Fundamentals: Core concepts, understandings and tools (40%)
Latest Developments: Recent advances and future trends (30%)
Industry Applications: Linking theory and real-world (15%)
Other: Decision making and tradeoff analysis (15%)
Lecture: Delivery of material in a lecture format (40%)
Discussion or Groupwork: Participatory learning (30%)
Labs: Demonstrations, experiments, simulations (30%)
Introductory: Appropriate for a general audience (50%)
Specialized: Assumes experience in practice area or field (40%)
Advanced: In-depth explorations at the graduate level (10%)
The participants of this course will be able to:
- Understand the scale of greenhouse gas reductions that would be required to meet a concentration stabilization target.
- Identify the potential barriers – technical, economic, and political – to deployment of each of several energy technologies.
- Analyze economic and technological tradeoffs between different energy and climate strategies.
- Use a simple economic-climate computer simulation tool to explore the uncertainty in benefits and costs of greenhouse gas mitigation.
- Design robust climate policy for the United States, using a computer simulation tool to support the analysis.
- Evaluate the potential viability of one of several alternative technologies.
Who Should Attend
This course is aimed at all professionals, but is likely to be particularly useful to those in energy supply or energy-intensive industries, as well as officials in federal and state government involved in efforts to design climate policies.

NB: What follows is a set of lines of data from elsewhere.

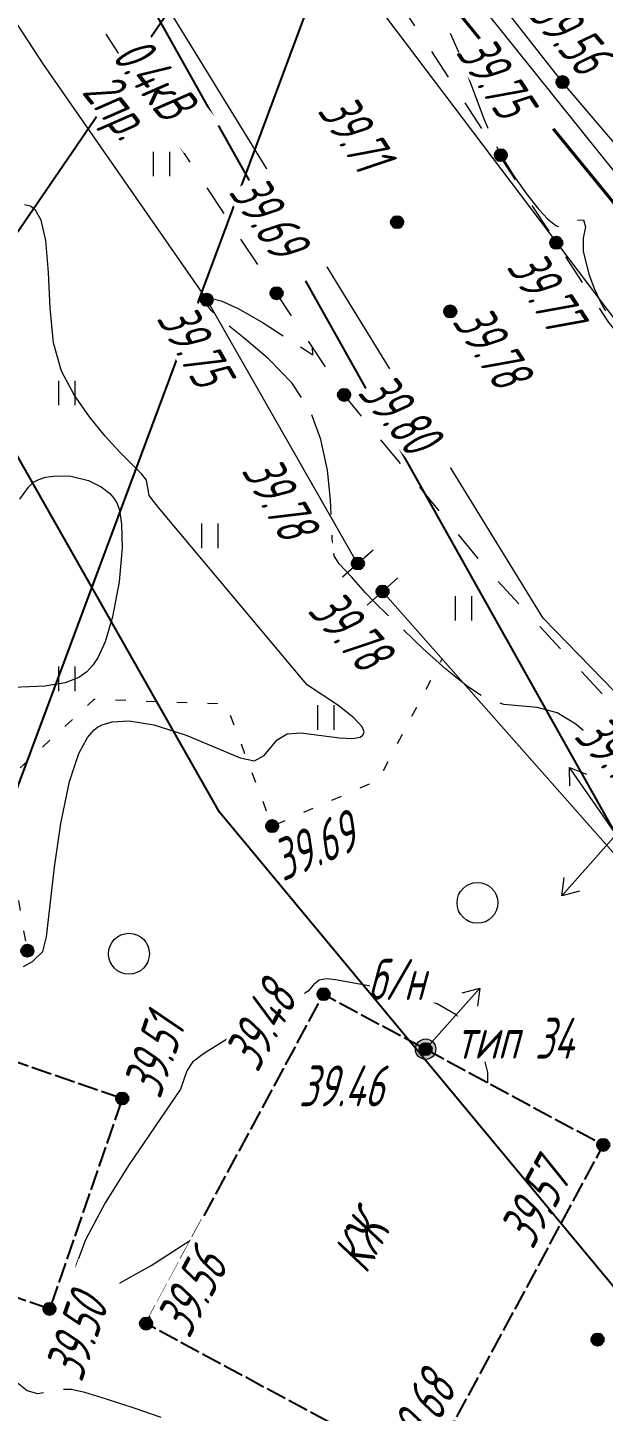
# Model space of a CAD drawing. Extents: x 2208637 to 2213412, y 575334 to 577367.
# Drawn here: x 2211033.04 to 2211047.13, y 576460.37 to 576494.24 of the extents above; entities that cross this region are included whole.
import ezdxf
from ezdxf.enums import TextEntityAlignment as Align

# ---------------------------------------------------------------- set-up
doc = ezdxf.new("R2010")
doc.units = 0
doc.header["$LTSCALE"] = 0.5
for name, pattern in [('2000_13', [1, 1, 0]), ('2000_366_2', [1.5, 0.5, -1]), ('500_189_3_2', [3, 1.5, -1.5]), ('500_329_3', [6, 5, -1])]:
    doc.linetypes.add(name, pattern=pattern)
doc.layers.get('0').update_dxf_attribs({"lineweight": 25})
for name, color, linetype, lineweight in [('ИИ_ГОРИЗОНТАЛИ_ОСН', 32, 'Continuous', 15), ('ИИ_ГРАНИЦЫ_ЗЕМЛЕПОЛЬЗОВАТЕЛЕЙ', 7, 'Continuous', 25), ('ИИ_ДОРОГИ_АД', 7, 'Continuous', 25), ('ИИ_КАБЕЛЯ_СВЯЗИ', 212, 'Continuous', 25), ('ИИ_ЛЭП_НН', 7, 'Continuous', 25), ('ИИ_ОГРАДЫ', 7, 'Continuous', 25), ('ИИ_ОТМЕТКИ', 7, 'Continuous', 25), ('ИИ_СООРУЖЕНИЯ', 7, 'Continuous', 25), ('ИИ_ТРАССЫ_КЛС', 5, 'Continuous', 40), ('ИИ_УГОДЬЯ', 7, 'Continuous', 25)]:
    doc.layers.add(name, color=color, linetype=linetype, lineweight=lineweight)
doc.styles.add('BM431', font='', dxfattribs={"height": 1})
doc.styles.add('D431', font='', dxfattribs={"height": 1})
doc.styles.add('GOST 2.304', font='cs_gost2304.shx', dxfattribs={"width": 0.8, "oblique": 15})
doc.styles.get('BM431').set_extended_font_data('bm431', italic=True)
doc.styles.get('D431').set_extended_font_data('D431', italic=True)
doc.linetypes.add('2000_475_1', pattern='A,3,[1,Topography.shx,S=0.5,R=90,X=0,Y=0],0', length=3)
doc.linetypes.add('2000_485_1', pattern='A,34.5,[1,Topography.shx,S=1.5,R=120,X=0.5,Y=-0.87],-0.01,[1,Topography.shx,S=1.5,R=0,X=-0.25,Y=0.43],0,[3,Topography.shx,S=1,R=0,X=0.5,Y=0],-0.01,[1,Topography.shx,S=1.5,R=60,X=0.5,Y=-0.87],-1,34.5', length=70.02)
doc.linetypes.add('500_132_1', pattern='A,4,[3,Topography.shx,S=2.5,R=0,X=0,Y=0],4,-2', length=10)

# ---------------------------------------------------------------- blocks, each defined once
blk = doc.blocks.new('Лист 024_УС_ПК2+00-ПК8+57.26|2000_473')
at = {"color": 0, "linetype": 'Continuous', "lineweight": -2}
blk.add_lwpolyline([(0, 1), (0, -1)], dxfattribs=at)
blk = doc.blocks.new('Лист 024_УС_ПК2+00-ПК8+57.26|Для согласований 3 лист|Ситуация лист3|2000_115_5')
at = {"color": 0, "linetype": 'Continuous', "lineweight": -2}
for points in [[(0, 0), (4, 0)], [(3.25, 0.5), (4, 0), (3.25, -0.5)]]:
    blk.add_lwpolyline(points, dxfattribs=at)
blk = doc.blocks.new('500_401')
at = {"color": 0, "linetype": 'Continuous', "lineweight": -2}
for points in [[(-0.4, 0), (-0.4, 1.2)], [(0.4, 0), (0.4, 1.2)]]:
    blk.add_lwpolyline(points, dxfattribs=at)
blk = doc.blocks.new('500_368')
at = {"color": 0, "linetype": 'Continuous', "lineweight": -2}
blk.add_circle((0, 0), 1, dxfattribs=at)
blk = doc.blocks.new('500_330_1')
at = {"linetype": 'Continuous', "lineweight": -2}
h = blk.add_hatch(color=0, dxfattribs=at)
h.dxf.hatch_style = 1
edge = h.paths.add_edge_path()
edge.add_arc((0, 0), 0.3, 0, 360)
at = {"color": 0, "linetype": 'Continuous', "lineweight": -2}
blk.add_circle((0, 0), 0.3, dxfattribs=at)
at = {"color": 0, "linetype": 'Continuous', "lineweight": -2, "style": 'GOST 2.304', "flags": 1}
for tag, p in [('Номер', (-1, -1)), ('Номер_рабочей_станции', (-1, -3.5))]:
    blk.add_attdef(tag, text='', height=2, dxfattribs=at).set_placement(p, align=Align.RIGHT)
at = {"color": 0, "linetype": 'Continuous', "lineweight": -2, "style": 'GOST 2.304'}
blk.add_attdef('Высота', (1, -1), '', height=2, dxfattribs=at)
at = {"color": 0, "linetype": 'Continuous', "lineweight": -2, "style": 'GOST 2.304', "flags": 1}
blk.add_attdef('Код', (0, -3.5), '', height=2, dxfattribs=at)
blk = doc.blocks.new('*U57')
at = {"linetype": 'Continuous', "lineweight": -2, "true_color": 0xffffff}
h = blk.add_hatch(color=7, dxfattribs=at)
h.dxf.hatch_style = 1
edge = h.paths.add_edge_path()
edge.add_arc((0, 0), 0.5, 0, 360)
at = {"linetype": 'Continuous', "lineweight": -2}
h = blk.add_hatch(color=0, dxfattribs=at)
edge = h.paths.add_edge_path()
edge.add_arc((0, 0), 0.1, 0, 360)
at = {"color": 0, "linetype": 'Continuous', "lineweight": -2}
for radius in [0.5, 0.1]:
    blk.add_circle((0, 0), radius, dxfattribs=at)
for tag, p, style in [('Номер', (0, -3), 'D431'), ('Тип', (0, -5.5), 'D431'), ('Высота', (0, -8), 'D431'), ('Пояснительная_надпись', (0, -10.5), 'BM431')]:
    blk.add_attdef(tag, p, '', height=2, dxfattribs=dict(at, style=style))
blk = doc.blocks.new('PA04D7B2B89F342E48D71E0D4E6DE8A')
at = {"color": 0, "linetype": '2000_485_1', "lineweight": -2, "flags": 128}
blk.add_lwpolyline([(2211013.35, 576503.65), (2211005.97, 576475.61), (2211005.27, 576450.71), (2211037.64, 576444.3), (2211043.46, 576442.17), (2211050.25, 576458.83), (2211049.55, 576460.81), (2211037.73, 576475.04), (2211020.46, 576505.48)], close=True, dxfattribs=at)
at = {"color": 0, "lineweight": -2, "flags": 1}
for tag in ['Адрес (местоположение) участка', 'Дата постановки на учет', 'Тип объекта', 'Статус записи о ЗУ по справочнику', 'Кадастровый номер, обозначение, учетный номер объекта', 'Кадастровый номер квартала', 'Вид разрешенного использования по классификатору', 'Площадь, кв.м', 'Категория земель', 'Вид использования по документу', 'Кадастровая стоимость']:
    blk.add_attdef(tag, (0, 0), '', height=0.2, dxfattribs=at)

Day 1: Introduction to Climate Change: Science and Economics
Participants will be introduced to the key issues that drive the climate change policy debate, including the basic science behind climate change, and the economics of greenhouse gas control. Topics will include:
- How bad could climate change be?
- How are future climate change impacts projected?
- What is the uncertainty in future projections?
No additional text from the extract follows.